See examples folder for example .jsonld descriptors.

POSTing package-url.jsonld with a URL of the FDP descriptor: The second option is to POST a file named 'package-url.jsonld' having the URL of the FDP descriptor as a value of the schema:url property. See the example below:

{
  "@context": {
    "@vocab": "http://schema.org/"
  },
  "url": "http://protegeserver.cz/files/fdp-example-normalized/datapackage.jsonld"
}

The FDP descriptor file must fulfill the abovementioned requirements, except that

See a sample package-url.jsonld for further details.

Output

To a triplestore: The pipeline stores the resulting RDF into a triple-store as configured in the Graph Store Protocol component (see Installation). By default, a new graph is created for the output and named according to the Data Package name, the IRI looks as follows:

http://data.openbudgets.eu/resource/graph/[DataPackage name]

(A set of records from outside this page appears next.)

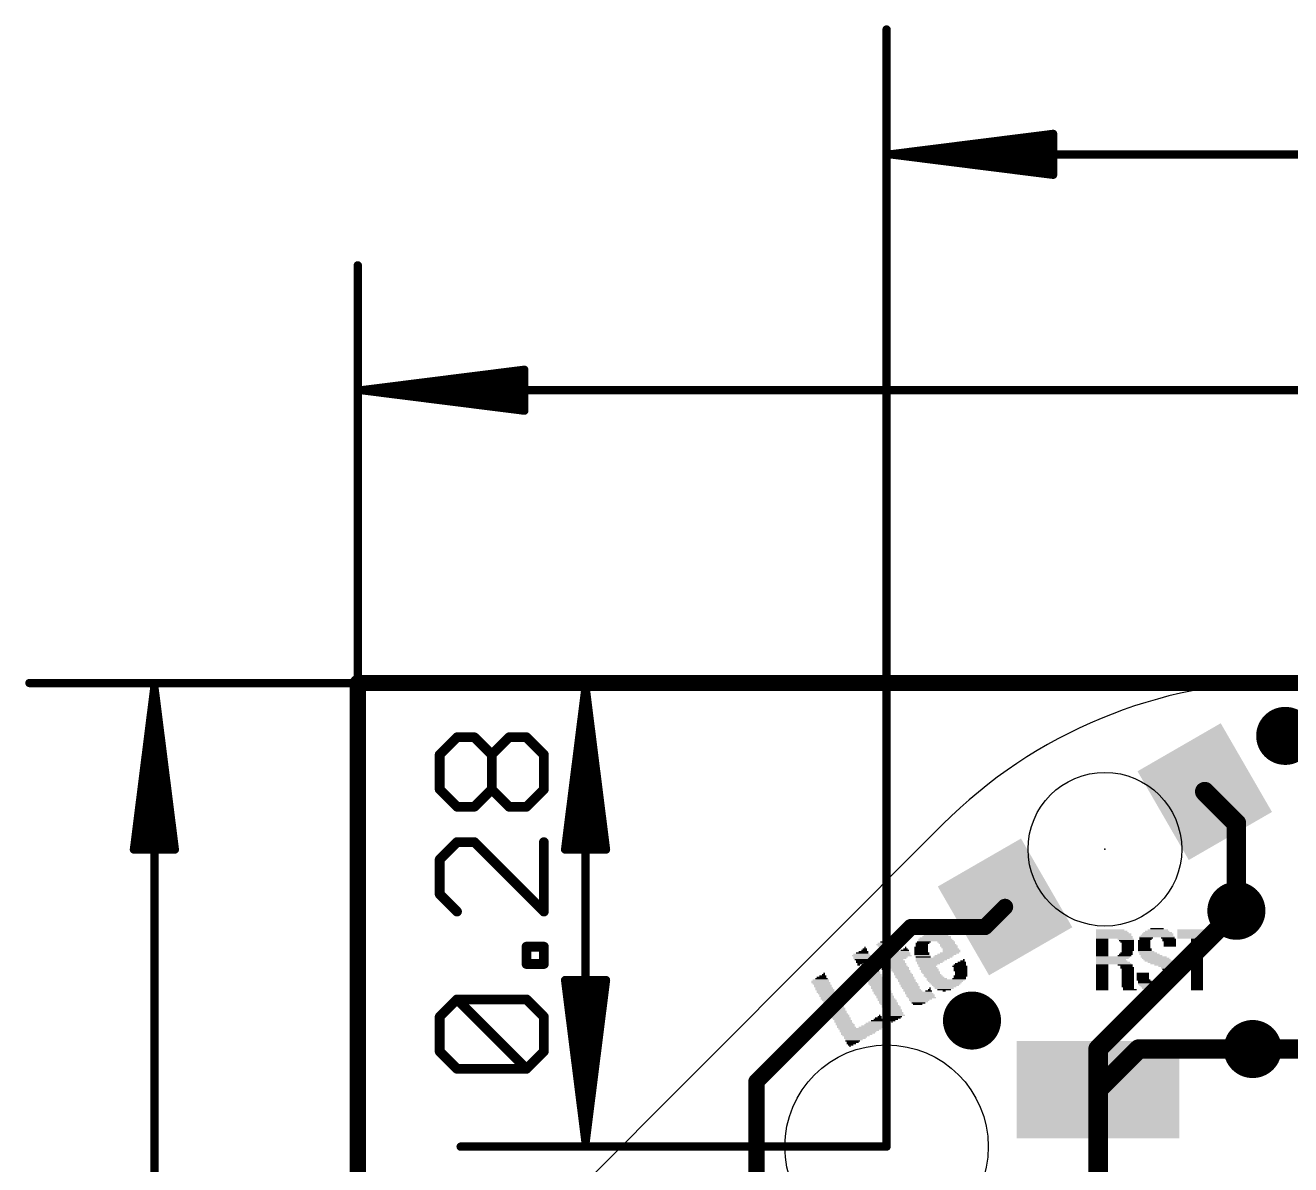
# Model space of a CAD drawing. Extents: x -30.9 to 32.9, y -36.3 to 40.7.
# Drawn here: x -30.59 to -10.84, y 22.58 to 40.37 of the extents above; entities that cross this region are included whole.
import ezdxf

# ---------------------------------------------------------------- set-up
doc = ezdxf.new("R2010")
doc.units = 0
for name, color, linetype in [('1', 12, 'CONTINUOUS'), ('16', 5, 'CONTINUOUS'), ('18', 110, 'CONTINUOUS'), ('20', 53, 'CONTINUOUS'), ('200', 132, 'CONTINUOUS'), ('23', 40, 'CONTINUOUS'), ('47', 253, 'CONTINUOUS')]:
    doc.layers.add(name, color=color, linetype=linetype)

# ---------------------------------------------------------------- blocks, each defined once
blk = doc.blocks.new('RECT')
blk.add_solid([(-0.5, -0.5), (0.5, -0.5), (-0.5, 0.5), (0.5, 0.5)])
blk = doc.blocks.new('ROUNDV')
at = {"const_width": 0.5}
blk.add_lwpolyline([(0, -0.25, 1), (0, 0.25, 1), (0, -0.25)], format="xyb", dxfattribs=at)

msp = doc.modelspace()

# ---------------------------------------------------------------- linework, layer by layer
at = {"layer": '1'}
for points, const_width in [([(-25.4, 30.099), (25.4, 30.099)], 0.254), ([(-25.4, 8.255), (-25.4, 30.099)], 0.254), ([(-12.1778, 28.4032), (-11.684, 27.9094)], 0.3048), ([(-11.684, 27.9094), (-11.684, 26.543)], 0.3048), ([(-15.2955, 26.6032), (-15.6097, 26.289)], 0.254), ([(-16.764, 26.289), (-19.177, 23.876)], 0.254), ([(-15.6097, 26.289), (-16.764, 26.289)], 0.254), ([(-13.843, 23.749), (-13.208, 24.384)], 0.3048), ([(-13.208, 24.384), (-11.43, 24.384)], 0.3048), ([(-11.43, 24.384), (-9.525, 24.384)], 0.3048), ([(-19.177, 23.876), (-19.177, 20.7255)], 0.254)]:
    msp.add_lwpolyline(points, dxfattribs=dict(at, const_width=const_width))
for points, const_width in [([(-25.4, 30.1625, 1), (-25.4, 30.0355)], 0.127), ([(-25.3365, 30.099, 1), (-25.4635, 30.099)], 0.127), ([(-12.124, 28.4571, 1), (-12.2317, 28.3493)], 0.1524), ([(-11.6078, 27.9094, 1), (-11.7602, 27.9094)], 0.1524), ([(-11.7379, 27.8555, 1), (-11.6301, 27.9632)], 0.1524), ([(-15.2506, 26.5583, 1), (-15.3404, 26.6481)], 0.127), ([(-11.7602, 26.543, 1), (-11.6078, 26.543)], 0.1524), ([(-16.764, 26.3525, 1), (-16.764, 26.2255)], 0.127), ([(-16.7191, 26.2441, 1), (-16.8089, 26.3339)], 0.127), ([(-15.6546, 26.3339, 1), (-15.5648, 26.2441)], 0.127), ([(-15.6097, 26.2255, 1), (-15.6097, 26.3525)], 0.127), ([(-13.208, 24.4602, 1), (-13.208, 24.3078)], 0.1524), ([(-13.1541, 24.3301, 1), (-13.2619, 24.4379)], 0.1524), ([(-11.43, 24.4602, 1), (-11.43, 24.3078)], 0.1524), ([(-11.43, 24.3078, 1), (-11.43, 24.4602)], 0.1524), ([(-19.1135, 23.876, 1), (-19.2405, 23.876)], 0.127), ([(-19.2219, 23.9209, 1), (-19.1321, 23.8311)], 0.127), ([(-13.8969, 23.8029, 1), (-13.7891, 23.6951)], 0.1524)]:
    msp.add_lwpolyline(points, format="xyb", dxfattribs=dict(at, const_width=const_width))
at = {"layer": '16'}
for points, const_width in [([(-25.4, 30.099), (25.4, 30.099)], 0.254), ([(-25.4, 8.255), (-25.4, 30.099)], 0.254), ([(-13.843, 24.384), (-11.684, 26.543)], 0.3048), ([(-11.684, 26.543), (-11.684, 26.67)], 0.3048), ([(-13.843, 21.971), (-13.843, 24.384)], 0.3048), ([(-8.001, 24.384), (-11.43, 24.384)], 0.254)]:
    msp.add_lwpolyline(points, dxfattribs=dict(at, const_width=const_width))
for points, const_width in [([(-25.4, 30.1625, 1), (-25.4, 30.0355)], 0.127), ([(-25.3365, 30.099, 1), (-25.4635, 30.099)], 0.127), ([(-11.6078, 26.67, 1), (-11.7602, 26.67)], 0.1524), ([(-11.6301, 26.4891, 1), (-11.7379, 26.5969)], 0.1524), ([(-11.7602, 26.543, 1), (-11.6078, 26.543)], 0.1524), ([(-13.7668, 24.384, 1), (-13.9192, 24.384)], 0.1524), ([(-13.8969, 24.4379, 1), (-13.7891, 24.3301)], 0.1524), ([(-11.43, 24.4475, 1), (-11.43, 24.3205)], 0.127)]:
    msp.add_lwpolyline(points, format="xyb", dxfattribs=dict(at, const_width=const_width))
at = {"layer": '20'}
for p, q in [((-10.8775, 30.1275), (-2.6087, 30.1275)), ((-24.3812, 19.7621), (-16.2716, 27.8896))]:
    msp.add_line(p, q, dxfattribs=at)
for centre, radius in [((-13.7367, 27.5032), 1.2), ((-17.145, 22.86), 1.5875)]:
    msp.add_circle(centre, radius, dxfattribs=at)
msp.add_arc((-10.8775, 22.5075), 7.62, 90, 135.0634, dxfattribs=at)
at = {"layer": '23'}
for p in [(-11.43, 30.099), (-13.7367, 27.5032)]:
    msp.add_point(p, dxfattribs=at)
at = {"layer": '47'}
for points, const_width in [([(-17.145, 22.86), (-17.145, 40.304)], 0.13), ([(-17.08, 38.354), (-14.545, 38.6732)], 0.13), ([(-14.545, 38.6732), (-14.545, 38.0348)], 0.13), ([(-17.08, 38.354), (-14.545, 38.614)], 0.13), ([(-17.08, 38.354), (-14.545, 38.484)], 0.13), ([(-17.08, 38.354), (17.08, 38.354)], 0.13), ([(-14.545, 38.0348), (-17.08, 38.354)], 0.13), ([(-14.545, 38.224), (-17.08, 38.354)], 0.13), ([(-14.545, 38.094), (-17.08, 38.354)], 0.13), ([(-25.4, 9.906), (-25.4, 36.621)], 0.13), ([(-25.335, 34.671), (-22.8, 34.9902)], 0.13), ([(-25.335, 34.671), (-22.8, 34.931)], 0.13), ([(-22.8, 34.9902), (-22.8, 34.3518)], 0.13), ([(-25.335, 34.671), (-22.8, 34.801)], 0.13), ([(-25.335, 34.671), (25.335, 34.671)], 0.13), ([(-22.8, 34.3518), (-25.335, 34.671)], 0.13), ([(-22.8, 34.541), (-25.335, 34.671)], 0.13), ([(-22.8, 34.411), (-25.335, 34.671)], 0.13), ([(3.175, 30.099), (-30.525, 30.099)], 0.13), ([(-28.575, 30.034), (-28.8942, 27.499)], 0.13), ([(-28.575, 30.034), (-28.835, 27.499)], 0.13), ([(-28.575, 30.034), (-28.705, 27.499)], 0.13), ([(-28.575, -29.907), (-28.575, 30.034)], 0.13), ([(-28.2558, 27.499), (-28.575, 30.034)], 0.13), ([(-28.445, 27.499), (-28.575, 30.034)], 0.13), ([(-28.315, 27.499), (-28.575, 30.034)], 0.13), ([(-17.018, 30.099), (-23.794, 30.099)], 0.13), ([(-21.844, 30.034), (-22.1632, 27.499)], 0.13), ([(-21.844, 30.034), (-22.104, 27.499)], 0.13), ([(-21.844, 30.034), (-21.974, 27.499)], 0.13), ([(-21.844, 22.925), (-21.844, 30.034)], 0.13), ([(-21.5248, 27.499), (-21.844, 30.034)], 0.13), ([(-21.714, 27.499), (-21.844, 30.034)], 0.13), ([(-21.584, 27.499), (-21.844, 30.034)], 0.13), ([(-24.1217, 28.9807), (-23.8505, 29.2519)], 0.1524), ([(-23.8505, 29.2519), (-23.5794, 29.2519)], 0.1524), ([(-23.5794, 29.2519), (-23.3082, 28.9807)], 0.1524), ([(-23.3082, 28.9807), (-23.037, 29.2519)], 0.1524), ([(-23.037, 29.2519), (-22.7659, 29.2519)], 0.1524), ([(-22.7659, 29.2519), (-22.4947, 28.9807)], 0.1524), ([(-24.1217, 28.4384), (-24.1217, 28.9807)], 0.1524), ([(-23.3082, 28.4384), (-23.3082, 28.9807)], 0.1524), ([(-22.4947, 28.9807), (-22.4947, 28.4384)], 0.1524), ([(-23.8505, 28.1672), (-24.1217, 28.4384)], 0.1524), ([(-23.3082, 28.4384), (-23.5794, 28.1672)], 0.1524), ([(-23.037, 28.1672), (-23.3082, 28.4384)], 0.1524), ([(-22.4947, 28.4384), (-22.7659, 28.1672)], 0.1524), ([(-23.5794, 28.1672), (-23.8505, 28.1672)], 0.1524), ([(-22.7659, 28.1672), (-23.037, 28.1672)], 0.1524), ([(-23.8505, 27.6147), (-24.1217, 27.3435)], 0.1524), ([(-23.5794, 27.6147), (-23.8505, 27.6147)], 0.1524), ([(-22.4947, 26.53), (-23.5794, 27.6147)], 0.1524), ([(-22.4947, 27.6147), (-22.4947, 26.53)], 0.1524), ([(-28.8942, 27.499), (-28.2558, 27.499)], 0.13), ([(-22.1632, 27.499), (-21.5248, 27.499)], 0.13), ([(-24.1217, 27.3435), (-24.1217, 26.8012)], 0.1524), ([(-24.1217, 26.8012), (-23.8505, 26.53)], 0.1524), ([(-22.7659, 25.7115), (-22.7659, 25.9826)], 0.1524), ([(-22.7659, 25.9826), (-22.4947, 25.9826)], 0.1524), ([(-22.4947, 25.9826), (-22.4947, 25.7115)], 0.1524), ([(-22.4947, 25.7115), (-22.7659, 25.7115)], 0.1524), ([(-21.844, 22.925), (-22.1632, 25.46)], 0.13), ([(-22.1632, 25.46), (-21.5248, 25.46)], 0.13), ([(-21.844, 22.925), (-22.104, 25.46)], 0.13), ([(-21.844, 22.925), (-21.974, 25.46)], 0.13), ([(-21.5248, 25.46), (-21.844, 22.925)], 0.13), ([(-21.714, 25.46), (-21.844, 22.925)], 0.13), ([(-21.584, 25.46), (-21.844, 22.925)], 0.13), ([(-24.1217, 24.8878), (-23.8505, 25.159)], 0.1524), ([(-23.8505, 25.159), (-22.7659, 25.159)], 0.1524), ([(-22.7659, 24.0743), (-23.8505, 25.159)], 0.1524), ([(-22.7659, 25.159), (-22.4947, 24.8878)], 0.1524), ([(-24.1217, 24.3455), (-24.1217, 24.8878)], 0.1524), ([(-22.4947, 24.8878), (-22.4947, 24.3455)], 0.1524), ([(-23.8505, 24.0743), (-24.1217, 24.3455)], 0.1524), ([(-22.4947, 24.3455), (-22.7659, 24.0743)], 0.1524), ([(-22.7659, 24.0743), (-23.8505, 24.0743)], 0.1524), ([(-17.145, 22.86), (-23.794, 22.86)], 0.13)]:
    msp.add_lwpolyline(points, dxfattribs=dict(at, const_width=const_width))
for points, const_width in [([(-17.1125, 40.304, 1), (-17.1775, 40.304)], 0.065), ([(-14.5125, 38.6732, 1), (-14.5775, 38.6732)], 0.065), ([(-14.5409, 38.641, 1), (-14.5491, 38.7055)], 0.065), ([(-14.5417, 38.5817, 1), (-14.5483, 38.6463)], 0.065), ([(-14.5433, 38.4515, 1), (-14.5467, 38.5165)], 0.065), ([(-17.08, 38.3865, 1), (-17.08, 38.3215)], 0.065), ([(-17.0759, 38.3862, 1), (-17.0841, 38.3218)], 0.065), ([(-17.0817, 38.3865, 1), (-17.0783, 38.3215)], 0.065), ([(-17.0783, 38.3865, 1), (-17.0817, 38.3215)], 0.065), ([(-17.0767, 38.3863, 1), (-17.0833, 38.3217)], 0.065), ([(-17.0833, 38.3863, 1), (-17.0767, 38.3217)], 0.065), ([(-17.0841, 38.3862, 1), (-17.0759, 38.3218)], 0.065), ([(-14.5483, 38.0617, 1), (-14.5417, 38.1263)], 0.065), ([(-14.5467, 38.1915, 1), (-14.5433, 38.2565)], 0.065), ([(-14.5775, 38.0348, 1), (-14.5125, 38.0348)], 0.065), ([(-14.5491, 38.0025, 1), (-14.5409, 38.067)], 0.065), ([(-25.3675, 36.621, 1), (-25.4325, 36.621)], 0.065), ([(-22.7675, 34.9902, 1), (-22.8325, 34.9902)], 0.065), ([(-22.7959, 34.958, 1), (-22.8041, 35.0225)], 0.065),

If the graph already exists, it is overwritten.

To a filestore: The pipeline can also store the resulting RDF in a file named according to the FDP package name. The file is sent through SCP protocol as configured in the Files to SCP component (see Installation).

For debug purposes, the output can also be downloaded through the Detail view of the Pipeline Execution UI in LinkedPipes, e.g. by displaying the "FDP to RDF" node output file.

Further documentation

See the developer's documentation for details about the FDPtoRDF transformation process. Note that the latest changes in technical details of pipeline input and output are not reflected there, these are described in this file.